Lo que sí supo, porque se lo contó una vecina, era que a su marido le gustaba ir al burdel del final de la calle.
-¿Y qué hace ahí?
-Duerme con mujeres.
-No entiendo. ¿Va a ese lugar a dormir? Si en casa tenemos cama.
-No, no a dormir. Es una manera de decir. Se acuesta con mujeres. Tiene sexo con mujeres. Hace eso que hizo con vos en la noche de bodas.
Cándida se sorprendió, y no sintió dolor ni angustia ni traición sino curiosidad. Y esa noche siguió a su marido hasta el burdel, y lo espió por la ventana de la calle, y lo que vio la entusiasmó: su marido estaba desnudo, y embestía como un poseído a una mujer espléndida. Y la mujer estaba desnuda. Y eso tenía que significar que la vagina, que eso, no era algo tan malo. Cándida regresó a su casa, con el corazón tamborileándole y los pies apurados.
Cerró la puerta con llave, se desnudó entera por primera vez en su vida y se paró frente al espejo. Primero se miró las tetas; no eran tan grandes como las de la mujer del burdel pero igual le parecieron lindas. Se las tocó y notó que las puntas, esas cosas marrones, se endurecían como cuando hacía frío, pero Cándida no sentía frío. Después se miró el ombligo y pensó que era algo atractivo. La palabra ideal sería sexy, pero Cándida no conocía esa palabra. Se dio vuelta y contempló su culo; era blanco, redondo y tenía dos hoyuelos en un cachete. A Cándida le gustó también su culo.

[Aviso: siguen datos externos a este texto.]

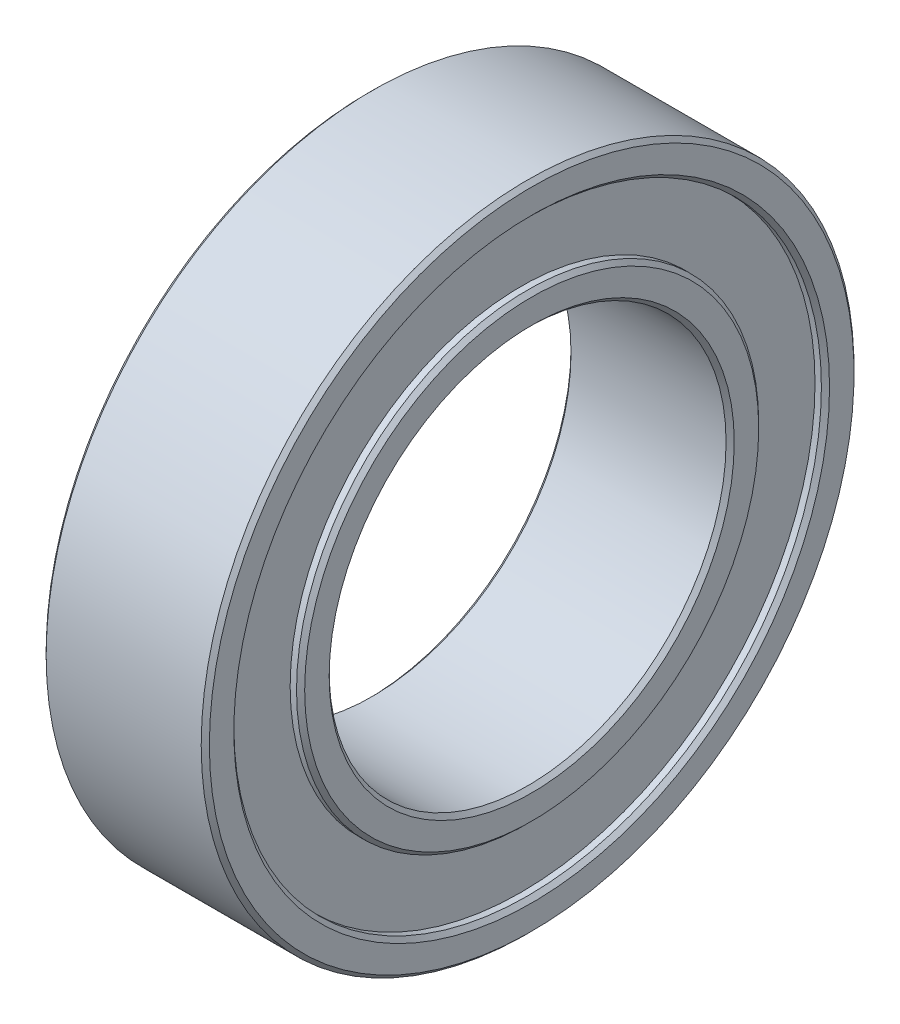
from build123d import *

# Parameters (mm, degrees)
SKETCH1_R             = 5.61975
SKETCH1_R_2           = 4.826
BOSS_EXTRUDE1_DEPTH   = 1.984375
SKETCH1_R_3           = 7.9375
SKETCH1_R_4           = 7.14375
BOSS_EXTRUDE1_2_DEPTH = 1.984375
SKETCH2_R             = 7.14375
SKETCH2_R_2           = 5.61975
BOSS_EXTRUDE2_DEPTH   = 1.730375
CHAMFER1_SIZE         = 0.09921875


with BuildPart() as part:
    # Sketch1 → Boss-Extrude1 (new, symmetric)
    with BuildSketch(Plane(origin=(0, 0, 0), x_dir=(0, 0, -1), z_dir=(1, 0, 0))):
        Circle(SKETCH1_R)
        Circle(SKETCH1_R_2, mode=Mode.SUBTRACT)
    extrude(amount=BOSS_EXTRUDE1_DEPTH, both=True)



with BuildPart() as body_2:
    # Sketch1 → Boss-Extrude1 2 (new, symmetric)
    with BuildSketch(Plane(origin=(0, 0, 0), x_dir=(0, 0, -1), z_dir=(1, 0, 0))):
        Circle(SKETCH1_R_3)
        Circle(SKETCH1_R_4, mode=Mode.SUBTRACT)
    extrude(amount=BOSS_EXTRUDE1_2_DEPTH, both=True)


with BuildPart() as part_1:
    add(part.part)

    add(body_2.part)  # Boss-Extrude2 merges body 2
    # Sketch2 → Boss-Extrude2 (add, symmetric)
    with BuildSketch(Plane(origin=(0, 0, 0), x_dir=(0, 0, -1), z_dir=(1, 0, 0))):
        Circle(SKETCH2_R)
        Circle(SKETCH2_R_2, mode=Mode.SUBTRACT)
    extrude(amount=BOSS_EXTRUDE2_DEPTH, both=True)

    # Chamfer1
    chamfer1_edges = [part_1.edges().sort_by_distance(p)[0] for p in [
        (1.984375, 0, 5.61975),
        (1.984375, 0, 7.14375),
        (-1.984375, 0, 7.9375),
        (1.984375, 0, 7.9375),
        (-1.984375, 0, 4.826),
        (1.984375, 0, 4.826),
    ]]
    chamfer(chamfer1_edges, length=CHAMFER1_SIZE)


solid = part_1.part
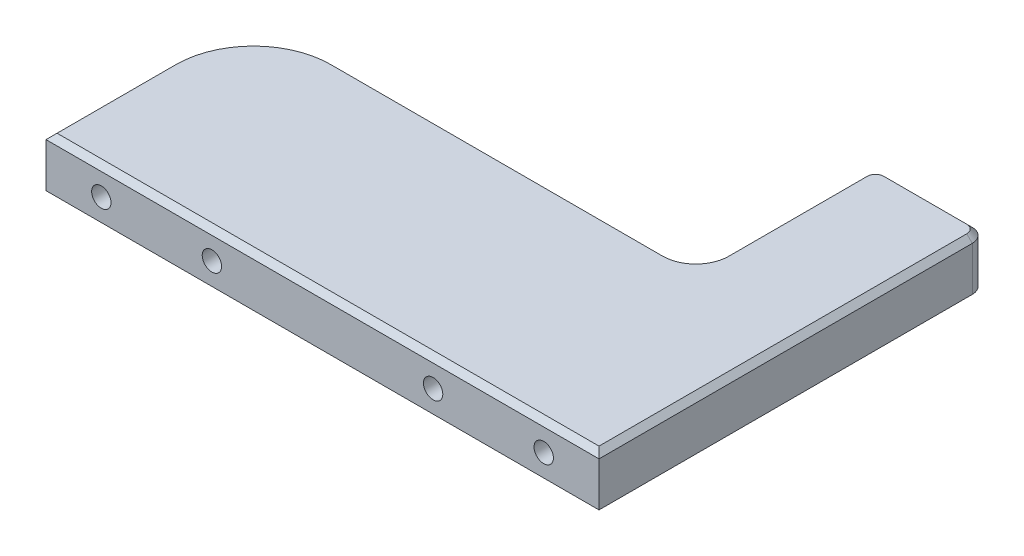
from build123d import *

# Parameters (mm, degrees)
BOSS_EXTRUDE1_DEPTH      = 20
FILLET1_R                = 10
M6_CLEARANCE_HOLE1_D     = 7
M6_CLEARANCE_HOLE1_DEPTH = 40
FILLET2_R                = 5
FILLET3_R                = 30
CHAMFER1_SIZE            = 2


with BuildPart() as part:
    # Sketch1 → Boss-Extrude1 (new body)
    with BuildSketch(Plane(origin=(0, 0, 0), x_dir=(1, 0, 0), z_dir=(0, 1, 0))):
        Polygon((0, 0), (0, -140), (-200, -140), (-200, -65), (-40, -65), (-40, 0), align=None)
    extrude(amount=BOSS_EXTRUDE1_DEPTH)

    # Fillet1
    fillet1_edges = [part.edges().sort_by_distance(p)[0] for p in [
        (-40, 10, 65),
    ]]
    fillet(fillet1_edges, radius=FILLET1_R)

    # M6 Clearance Hole1
    with Locations(Plane(origin=(10895.274804619, -492.997703293, 140), x_dir=(1, 0, 0), z_dir=(0, 0, 1))):
        with Locations((-11075.274804618, 502.997703293), (-11035.274804618, 502.997703293), (-10955.274804618, 502.997703293), (-10915.274804618, 502.997703293)):
            Hole(M6_CLEARANCE_HOLE1_D / 2, depth=M6_CLEARANCE_HOLE1_DEPTH)

    # Fillet2
    fillet2_edges = [part.edges().sort_by_distance(p)[0] for p in [
        (0, 10, 0),
        (-40, 10, 0),
    ]]
    fillet(fillet2_edges, radius=FILLET2_R)

    # Fillet3
    fillet3_edges = [part.edges().sort_by_distance(p)[0] for p in [
        (-200, 10, 65),
    ]]
    fillet(fillet3_edges, radius=FILLET3_R)

    # Chamfer1
    chamfer1_edges = [part.edges().sort_by_distance(p)[0] for p in [
        (-110, 0, 65),
        (-110, 20, 65),
        (-100, 20, 140),
        (-42.928932188, 0, 62.071067812),
        (-42.928932188, 20, 62.071067812),
        (0, 20, 72.5),
        (-20, 0, 0),
        (-20, 20, 0),
        (-40, 0, 30),
        (-38.535533906, 0, 1.464466094),
        (-1.464466094, 0, 1.464466094),
        (-40, 20, 30),
        (-38.535533906, 20, 1.464466094),
        (-1.464466094, 20, 1.464466094),
        (-200, 0, 117.5),
        (-200, 20, 117.5),
        (-191.213203436, 0, 73.786796564),
        (-191.213203436, 20, 73.786796564),
        (0, 0, 72.5),
        (-100, 0, 140),
    ]]
    chamfer(chamfer1_edges, length=CHAMFER1_SIZE)


solid = part.part

Finalmente abrió las piernas y observó su vagina. Primero pensó que era horrible. Luego dudó. Para despejar dudas, se atrevió a tocarla. Y ya no le pareció nada horrible. Siguió tocándola, y cada vez le gustaba más. Y más. Y más. Y quería decirle a su madre que estaba equivocada, que la vagina no era algo malo, no podía serlo, algo malo no podía sentirse tan bueno. Pero su madre no la entendería. Entonces, en un segundo de osadía que la hizo reír a carcajadas, como un exorcismo sin demonio, supo lo que tenía que hacer. Se vistió rápido y fue a buscar a Pedro.
Tenía algo que contarle.
*Cuento finalista del XVI Concurso de Cuento “Leopoldo Marechal”.